Action item = For the entries that follow, give the number of lines holding the string "mechanical" and nothing more.

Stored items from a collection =
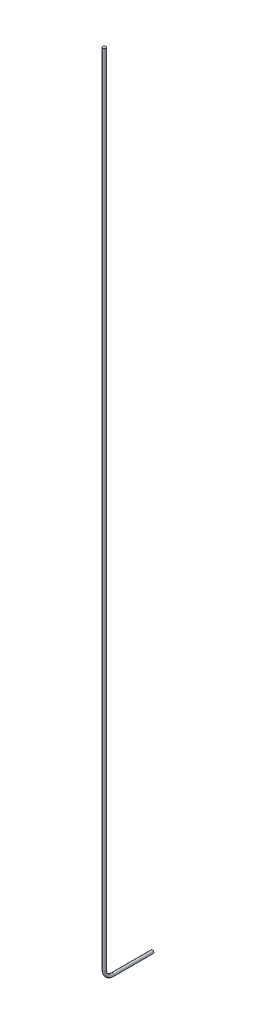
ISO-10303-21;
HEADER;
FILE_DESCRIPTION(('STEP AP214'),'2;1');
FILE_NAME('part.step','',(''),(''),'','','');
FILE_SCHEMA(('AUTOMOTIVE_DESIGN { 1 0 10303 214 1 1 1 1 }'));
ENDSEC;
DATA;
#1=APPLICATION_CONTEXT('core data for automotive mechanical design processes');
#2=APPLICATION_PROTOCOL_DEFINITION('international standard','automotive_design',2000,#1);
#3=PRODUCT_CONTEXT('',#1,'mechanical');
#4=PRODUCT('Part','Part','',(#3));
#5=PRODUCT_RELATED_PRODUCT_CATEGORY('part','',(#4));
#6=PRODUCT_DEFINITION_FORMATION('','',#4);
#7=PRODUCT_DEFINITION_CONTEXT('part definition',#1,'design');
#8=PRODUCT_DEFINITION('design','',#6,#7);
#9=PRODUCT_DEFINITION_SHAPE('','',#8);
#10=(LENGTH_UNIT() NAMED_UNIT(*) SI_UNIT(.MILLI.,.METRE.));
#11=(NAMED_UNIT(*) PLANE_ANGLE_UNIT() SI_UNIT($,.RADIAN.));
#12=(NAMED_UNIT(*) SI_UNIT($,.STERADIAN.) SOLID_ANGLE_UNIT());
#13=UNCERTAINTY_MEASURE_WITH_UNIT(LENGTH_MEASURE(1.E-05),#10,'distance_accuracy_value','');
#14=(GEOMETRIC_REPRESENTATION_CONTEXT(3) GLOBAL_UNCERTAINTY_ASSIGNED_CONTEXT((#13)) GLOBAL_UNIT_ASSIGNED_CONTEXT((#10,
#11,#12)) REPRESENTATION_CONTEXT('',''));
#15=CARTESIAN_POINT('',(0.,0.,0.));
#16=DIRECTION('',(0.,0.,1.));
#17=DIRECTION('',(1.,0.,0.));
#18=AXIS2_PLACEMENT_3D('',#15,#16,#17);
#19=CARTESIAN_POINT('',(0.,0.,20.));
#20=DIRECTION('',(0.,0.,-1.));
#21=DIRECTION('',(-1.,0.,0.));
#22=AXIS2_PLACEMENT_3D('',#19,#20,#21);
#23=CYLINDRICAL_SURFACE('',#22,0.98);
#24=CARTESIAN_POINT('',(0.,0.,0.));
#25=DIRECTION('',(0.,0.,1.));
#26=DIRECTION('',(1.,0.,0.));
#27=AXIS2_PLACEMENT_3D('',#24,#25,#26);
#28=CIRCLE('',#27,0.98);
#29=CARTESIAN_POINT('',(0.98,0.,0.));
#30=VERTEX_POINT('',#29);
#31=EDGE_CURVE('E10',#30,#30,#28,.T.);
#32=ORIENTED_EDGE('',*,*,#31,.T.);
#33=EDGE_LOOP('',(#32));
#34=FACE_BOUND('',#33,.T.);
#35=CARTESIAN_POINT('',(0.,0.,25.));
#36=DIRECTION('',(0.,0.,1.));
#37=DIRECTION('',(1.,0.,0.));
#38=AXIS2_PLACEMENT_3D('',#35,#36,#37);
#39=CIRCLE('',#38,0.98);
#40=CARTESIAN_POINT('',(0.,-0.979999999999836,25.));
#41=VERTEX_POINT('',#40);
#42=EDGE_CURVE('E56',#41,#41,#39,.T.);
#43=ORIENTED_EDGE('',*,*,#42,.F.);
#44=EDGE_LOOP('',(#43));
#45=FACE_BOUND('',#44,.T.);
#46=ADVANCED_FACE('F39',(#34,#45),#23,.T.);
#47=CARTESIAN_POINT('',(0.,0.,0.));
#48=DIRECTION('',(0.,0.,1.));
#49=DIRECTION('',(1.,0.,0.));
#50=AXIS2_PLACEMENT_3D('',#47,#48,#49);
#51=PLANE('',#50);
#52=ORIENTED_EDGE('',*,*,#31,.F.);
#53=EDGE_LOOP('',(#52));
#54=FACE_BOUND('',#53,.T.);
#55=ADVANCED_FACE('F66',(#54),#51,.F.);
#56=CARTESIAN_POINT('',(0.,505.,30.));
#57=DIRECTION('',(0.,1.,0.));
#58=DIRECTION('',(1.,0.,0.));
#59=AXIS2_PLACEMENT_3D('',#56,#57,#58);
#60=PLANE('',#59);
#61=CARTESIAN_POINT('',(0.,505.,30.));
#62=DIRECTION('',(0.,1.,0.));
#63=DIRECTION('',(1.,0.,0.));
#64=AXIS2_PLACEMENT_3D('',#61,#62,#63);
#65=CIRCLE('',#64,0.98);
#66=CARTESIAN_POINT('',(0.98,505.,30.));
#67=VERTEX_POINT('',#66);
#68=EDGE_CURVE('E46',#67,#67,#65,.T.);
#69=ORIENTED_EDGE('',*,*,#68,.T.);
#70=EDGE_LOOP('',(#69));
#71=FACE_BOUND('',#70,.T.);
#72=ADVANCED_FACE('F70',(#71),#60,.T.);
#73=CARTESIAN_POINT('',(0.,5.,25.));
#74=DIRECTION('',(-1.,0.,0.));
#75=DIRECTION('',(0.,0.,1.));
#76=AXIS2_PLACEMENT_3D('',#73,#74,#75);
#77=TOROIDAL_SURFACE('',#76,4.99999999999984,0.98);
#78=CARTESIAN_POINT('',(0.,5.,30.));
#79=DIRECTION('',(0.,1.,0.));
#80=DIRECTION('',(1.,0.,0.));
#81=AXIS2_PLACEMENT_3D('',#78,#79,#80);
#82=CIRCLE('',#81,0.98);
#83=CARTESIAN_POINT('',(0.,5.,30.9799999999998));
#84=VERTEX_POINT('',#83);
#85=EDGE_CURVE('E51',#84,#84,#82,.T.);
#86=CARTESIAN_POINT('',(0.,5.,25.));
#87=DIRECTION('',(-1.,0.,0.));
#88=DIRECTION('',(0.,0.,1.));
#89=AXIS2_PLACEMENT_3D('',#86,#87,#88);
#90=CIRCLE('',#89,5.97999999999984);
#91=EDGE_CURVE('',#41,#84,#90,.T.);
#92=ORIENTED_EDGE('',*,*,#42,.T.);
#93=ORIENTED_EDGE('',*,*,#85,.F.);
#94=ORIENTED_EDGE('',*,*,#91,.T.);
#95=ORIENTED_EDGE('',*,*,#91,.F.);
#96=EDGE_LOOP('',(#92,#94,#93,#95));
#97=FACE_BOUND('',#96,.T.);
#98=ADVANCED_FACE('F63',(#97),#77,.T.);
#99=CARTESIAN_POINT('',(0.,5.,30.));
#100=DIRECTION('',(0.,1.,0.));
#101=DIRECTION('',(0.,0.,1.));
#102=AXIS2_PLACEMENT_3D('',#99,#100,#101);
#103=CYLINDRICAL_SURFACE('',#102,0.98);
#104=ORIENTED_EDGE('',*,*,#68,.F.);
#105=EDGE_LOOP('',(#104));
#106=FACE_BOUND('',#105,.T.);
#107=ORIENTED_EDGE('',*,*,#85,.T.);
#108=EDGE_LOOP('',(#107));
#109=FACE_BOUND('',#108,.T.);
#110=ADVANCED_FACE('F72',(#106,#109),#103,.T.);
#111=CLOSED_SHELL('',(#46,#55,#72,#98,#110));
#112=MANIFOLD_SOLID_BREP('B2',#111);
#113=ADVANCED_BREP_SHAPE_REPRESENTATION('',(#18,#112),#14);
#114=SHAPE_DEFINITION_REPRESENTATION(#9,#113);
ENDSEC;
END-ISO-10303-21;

Written solution = 2